- Born: Isolde Ganswindt 7 December 1889 Berlin, German Empire
- Died: 5 October 1951 (aged 61) Heidelberg, West Germany
- Citizenship: German
- Education: University of Berlin
- Spouse: Karl Wilhelm Hausser ​ ​(m. 1918; died 1933)​
- Children: Karl Hermann Hausser (1919–2001)
- Parents: Hermann Ganswindt (father); Anna Minna Fritsche (mother);
- Scientific career
- Fields: Physics
- Workplaces: Telefunken, Kaiser Wilhelm Institute for Medical Research, Max Planck Institute for Medical Research
- Thesis: Erzeugung und Empfang kurzer elektrischer Wellen (1914)

= Isolde Hausser =

German physicist (1889–1951)

Isolde Hausser (7 December 1889 – 5 October 1951) was a German physicist. She became the head of a department of the Max Planck Institute for Medical Research (then Kaiser Wilhelm Institute for Medical Research) in Heidelberg in 1935.

== Life and work ==
Ganswindt was the daughter of Hermann Ganswindt and his first wife Anna Minna (née Fritsche, 1866-1911). After graduating from the Chamisso School in Berlin-Schöneberg in 1909, she began studying physics, mathematics, and philosophy at the University of Berlin. In 1914, she received a doctorate degree in physics with a dissertation titled Erzeugung und Empfang kurzer elektrischer Wellen ("Production and reception of short electrical waves").
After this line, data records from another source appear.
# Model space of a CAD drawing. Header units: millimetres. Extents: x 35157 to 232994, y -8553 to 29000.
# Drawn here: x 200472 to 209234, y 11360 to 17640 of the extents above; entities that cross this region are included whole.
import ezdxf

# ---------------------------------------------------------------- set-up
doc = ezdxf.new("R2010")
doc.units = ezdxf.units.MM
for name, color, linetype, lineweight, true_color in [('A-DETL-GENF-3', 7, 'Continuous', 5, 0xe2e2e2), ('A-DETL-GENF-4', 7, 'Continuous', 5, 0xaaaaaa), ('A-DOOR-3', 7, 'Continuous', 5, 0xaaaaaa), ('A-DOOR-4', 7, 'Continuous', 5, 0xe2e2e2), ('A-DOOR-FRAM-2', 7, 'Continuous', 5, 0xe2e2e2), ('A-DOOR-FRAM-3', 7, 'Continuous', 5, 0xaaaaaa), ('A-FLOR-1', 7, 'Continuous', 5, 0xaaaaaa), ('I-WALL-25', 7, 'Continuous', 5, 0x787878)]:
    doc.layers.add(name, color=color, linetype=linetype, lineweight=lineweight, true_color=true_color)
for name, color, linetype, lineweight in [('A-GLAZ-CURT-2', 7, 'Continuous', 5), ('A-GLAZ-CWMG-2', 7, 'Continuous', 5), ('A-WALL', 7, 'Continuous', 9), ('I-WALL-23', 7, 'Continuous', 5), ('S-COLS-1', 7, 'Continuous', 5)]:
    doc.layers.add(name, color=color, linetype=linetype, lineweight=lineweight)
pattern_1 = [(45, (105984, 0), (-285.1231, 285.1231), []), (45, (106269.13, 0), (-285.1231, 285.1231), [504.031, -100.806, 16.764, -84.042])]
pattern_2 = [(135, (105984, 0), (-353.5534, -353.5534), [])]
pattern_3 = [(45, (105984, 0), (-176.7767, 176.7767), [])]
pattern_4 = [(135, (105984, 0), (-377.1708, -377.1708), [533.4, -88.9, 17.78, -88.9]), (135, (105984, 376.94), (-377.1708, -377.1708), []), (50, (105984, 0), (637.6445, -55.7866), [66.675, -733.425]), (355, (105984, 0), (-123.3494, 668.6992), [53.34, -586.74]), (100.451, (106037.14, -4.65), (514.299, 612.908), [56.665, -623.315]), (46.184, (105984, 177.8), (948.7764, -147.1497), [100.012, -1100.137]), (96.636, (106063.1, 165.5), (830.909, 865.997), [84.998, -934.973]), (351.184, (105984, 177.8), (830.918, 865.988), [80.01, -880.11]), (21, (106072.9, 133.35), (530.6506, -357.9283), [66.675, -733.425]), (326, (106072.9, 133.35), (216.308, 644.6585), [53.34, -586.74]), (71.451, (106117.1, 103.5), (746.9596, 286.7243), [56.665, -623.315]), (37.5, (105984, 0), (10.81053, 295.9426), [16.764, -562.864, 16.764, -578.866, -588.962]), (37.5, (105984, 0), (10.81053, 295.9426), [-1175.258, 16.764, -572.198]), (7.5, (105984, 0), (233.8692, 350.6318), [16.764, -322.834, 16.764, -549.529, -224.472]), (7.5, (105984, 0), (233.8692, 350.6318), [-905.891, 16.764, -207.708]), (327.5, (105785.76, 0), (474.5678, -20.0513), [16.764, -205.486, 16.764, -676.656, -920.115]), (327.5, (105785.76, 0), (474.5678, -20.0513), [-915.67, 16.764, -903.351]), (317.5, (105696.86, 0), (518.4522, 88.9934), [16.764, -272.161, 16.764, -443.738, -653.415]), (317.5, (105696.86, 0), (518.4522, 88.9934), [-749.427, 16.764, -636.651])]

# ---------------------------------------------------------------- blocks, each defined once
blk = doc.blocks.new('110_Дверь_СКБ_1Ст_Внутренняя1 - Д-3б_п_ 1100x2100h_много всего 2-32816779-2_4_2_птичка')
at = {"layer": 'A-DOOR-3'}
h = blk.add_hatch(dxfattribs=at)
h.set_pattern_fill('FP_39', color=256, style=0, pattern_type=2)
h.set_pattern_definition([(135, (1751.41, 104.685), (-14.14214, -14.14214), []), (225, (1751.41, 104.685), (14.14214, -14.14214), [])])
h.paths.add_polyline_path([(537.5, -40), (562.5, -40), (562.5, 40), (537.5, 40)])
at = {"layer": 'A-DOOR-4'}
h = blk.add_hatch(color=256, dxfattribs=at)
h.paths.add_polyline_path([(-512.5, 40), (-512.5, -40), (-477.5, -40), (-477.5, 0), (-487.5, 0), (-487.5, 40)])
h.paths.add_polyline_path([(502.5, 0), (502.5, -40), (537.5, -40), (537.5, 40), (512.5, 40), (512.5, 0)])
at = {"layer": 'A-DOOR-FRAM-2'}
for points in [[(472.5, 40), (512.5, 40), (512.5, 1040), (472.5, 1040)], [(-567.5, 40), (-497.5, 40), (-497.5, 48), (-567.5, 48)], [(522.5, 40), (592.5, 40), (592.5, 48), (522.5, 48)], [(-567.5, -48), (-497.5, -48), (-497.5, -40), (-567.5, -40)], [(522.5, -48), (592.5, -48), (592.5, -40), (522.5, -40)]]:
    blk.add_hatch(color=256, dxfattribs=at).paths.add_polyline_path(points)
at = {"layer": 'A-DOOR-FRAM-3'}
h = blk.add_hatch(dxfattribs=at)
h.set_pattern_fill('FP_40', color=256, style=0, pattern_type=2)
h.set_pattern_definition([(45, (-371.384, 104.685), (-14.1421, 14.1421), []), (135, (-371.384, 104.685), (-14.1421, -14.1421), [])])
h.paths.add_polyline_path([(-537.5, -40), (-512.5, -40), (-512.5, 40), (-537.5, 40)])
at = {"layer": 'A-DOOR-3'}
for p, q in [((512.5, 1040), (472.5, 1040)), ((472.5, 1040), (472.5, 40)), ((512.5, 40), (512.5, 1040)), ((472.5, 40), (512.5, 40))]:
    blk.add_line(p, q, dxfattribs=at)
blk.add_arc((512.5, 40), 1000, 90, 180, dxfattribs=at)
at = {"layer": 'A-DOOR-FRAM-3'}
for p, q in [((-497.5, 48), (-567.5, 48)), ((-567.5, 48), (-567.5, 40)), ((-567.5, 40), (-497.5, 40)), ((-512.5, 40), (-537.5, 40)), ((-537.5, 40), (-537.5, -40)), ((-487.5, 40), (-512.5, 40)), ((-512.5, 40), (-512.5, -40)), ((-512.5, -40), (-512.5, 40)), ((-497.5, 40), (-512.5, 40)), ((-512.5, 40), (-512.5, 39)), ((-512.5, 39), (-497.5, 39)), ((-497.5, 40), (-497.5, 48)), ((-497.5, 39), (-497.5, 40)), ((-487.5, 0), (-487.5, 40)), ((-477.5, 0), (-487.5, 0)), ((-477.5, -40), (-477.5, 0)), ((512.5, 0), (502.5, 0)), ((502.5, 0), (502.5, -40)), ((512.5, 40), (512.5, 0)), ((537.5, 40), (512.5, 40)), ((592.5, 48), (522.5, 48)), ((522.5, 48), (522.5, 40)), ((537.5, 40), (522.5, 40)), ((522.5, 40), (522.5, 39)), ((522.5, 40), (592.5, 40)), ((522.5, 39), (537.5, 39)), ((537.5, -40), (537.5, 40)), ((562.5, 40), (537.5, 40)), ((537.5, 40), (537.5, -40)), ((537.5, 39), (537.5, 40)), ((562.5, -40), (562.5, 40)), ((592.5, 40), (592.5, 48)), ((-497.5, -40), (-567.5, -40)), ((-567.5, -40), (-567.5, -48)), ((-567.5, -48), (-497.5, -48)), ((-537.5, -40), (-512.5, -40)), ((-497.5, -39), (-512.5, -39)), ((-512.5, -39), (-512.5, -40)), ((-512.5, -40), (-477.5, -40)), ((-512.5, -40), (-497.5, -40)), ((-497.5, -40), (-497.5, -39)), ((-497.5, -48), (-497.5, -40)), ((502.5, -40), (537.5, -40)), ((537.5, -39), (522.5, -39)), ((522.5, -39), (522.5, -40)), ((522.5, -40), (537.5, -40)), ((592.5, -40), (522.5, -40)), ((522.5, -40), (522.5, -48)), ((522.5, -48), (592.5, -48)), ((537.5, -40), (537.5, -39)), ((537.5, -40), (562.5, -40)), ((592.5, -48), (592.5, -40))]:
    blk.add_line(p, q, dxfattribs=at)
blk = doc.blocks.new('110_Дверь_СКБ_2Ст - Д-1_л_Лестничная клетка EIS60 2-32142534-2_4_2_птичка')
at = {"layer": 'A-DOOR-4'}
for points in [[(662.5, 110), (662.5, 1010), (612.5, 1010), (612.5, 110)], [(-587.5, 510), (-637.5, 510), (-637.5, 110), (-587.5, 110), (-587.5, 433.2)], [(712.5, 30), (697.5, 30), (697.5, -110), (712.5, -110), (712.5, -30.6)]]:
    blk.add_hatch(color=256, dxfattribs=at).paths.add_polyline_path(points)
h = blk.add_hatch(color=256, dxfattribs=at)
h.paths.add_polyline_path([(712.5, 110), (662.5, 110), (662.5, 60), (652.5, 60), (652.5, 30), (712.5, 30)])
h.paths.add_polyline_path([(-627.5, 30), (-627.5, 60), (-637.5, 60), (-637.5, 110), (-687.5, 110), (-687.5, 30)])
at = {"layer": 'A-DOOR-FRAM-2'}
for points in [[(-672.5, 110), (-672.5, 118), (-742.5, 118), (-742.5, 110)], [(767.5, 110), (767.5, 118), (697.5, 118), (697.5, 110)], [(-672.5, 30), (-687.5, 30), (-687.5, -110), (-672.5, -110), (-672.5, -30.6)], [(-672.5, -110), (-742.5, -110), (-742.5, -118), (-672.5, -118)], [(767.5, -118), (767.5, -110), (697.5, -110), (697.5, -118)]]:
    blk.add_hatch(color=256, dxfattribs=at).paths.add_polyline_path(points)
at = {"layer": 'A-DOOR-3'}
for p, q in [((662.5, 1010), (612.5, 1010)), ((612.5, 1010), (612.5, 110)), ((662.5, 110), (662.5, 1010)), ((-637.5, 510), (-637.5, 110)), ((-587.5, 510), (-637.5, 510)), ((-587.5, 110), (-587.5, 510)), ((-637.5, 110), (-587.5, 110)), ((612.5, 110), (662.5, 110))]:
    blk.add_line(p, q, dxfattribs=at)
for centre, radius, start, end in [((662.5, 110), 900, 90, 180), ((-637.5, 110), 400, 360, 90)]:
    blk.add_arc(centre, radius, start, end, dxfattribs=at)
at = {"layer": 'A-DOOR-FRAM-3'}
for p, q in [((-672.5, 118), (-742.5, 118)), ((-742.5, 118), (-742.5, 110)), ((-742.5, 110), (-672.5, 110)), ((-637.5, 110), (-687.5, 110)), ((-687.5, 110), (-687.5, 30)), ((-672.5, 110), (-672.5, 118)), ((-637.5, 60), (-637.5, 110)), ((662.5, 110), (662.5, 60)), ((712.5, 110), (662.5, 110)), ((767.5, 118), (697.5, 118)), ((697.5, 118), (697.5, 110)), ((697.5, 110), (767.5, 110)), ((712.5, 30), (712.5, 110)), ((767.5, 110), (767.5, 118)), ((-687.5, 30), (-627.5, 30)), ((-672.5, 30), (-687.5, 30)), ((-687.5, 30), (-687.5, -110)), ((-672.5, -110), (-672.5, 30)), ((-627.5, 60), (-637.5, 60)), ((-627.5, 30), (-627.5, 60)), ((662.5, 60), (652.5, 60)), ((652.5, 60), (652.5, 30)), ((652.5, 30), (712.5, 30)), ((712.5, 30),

From 1914 to 1929 she worked as a staff member in the research department of Telefunken in Berlin under the direction of Hans Rukop (1883-1958), with whom she also published several research papers. She married the physicist Karl Wilhelm Hausser (1887-1933) in 1918, with whom she had a son, Karl Hermann Hausser (1919-2001). In 1929 she joined the Kaiser Wilhelm Institute for Medical Research in Heidelberg, where she became head of an independent department in 1935. The Kaiser Wilhelm Institute for Medical Research later became the Max Planck Institute for Medical Research. She worked there until her death in 1951.

Isolde Hausser made contributions to vacuum tube research, the physics underlying radiation therapy, radar technology, and research on radiation in medicine.

The Isolde-Hausser-Straße ("Isolde Hausser street") in Königs Wusterhausen is named after her.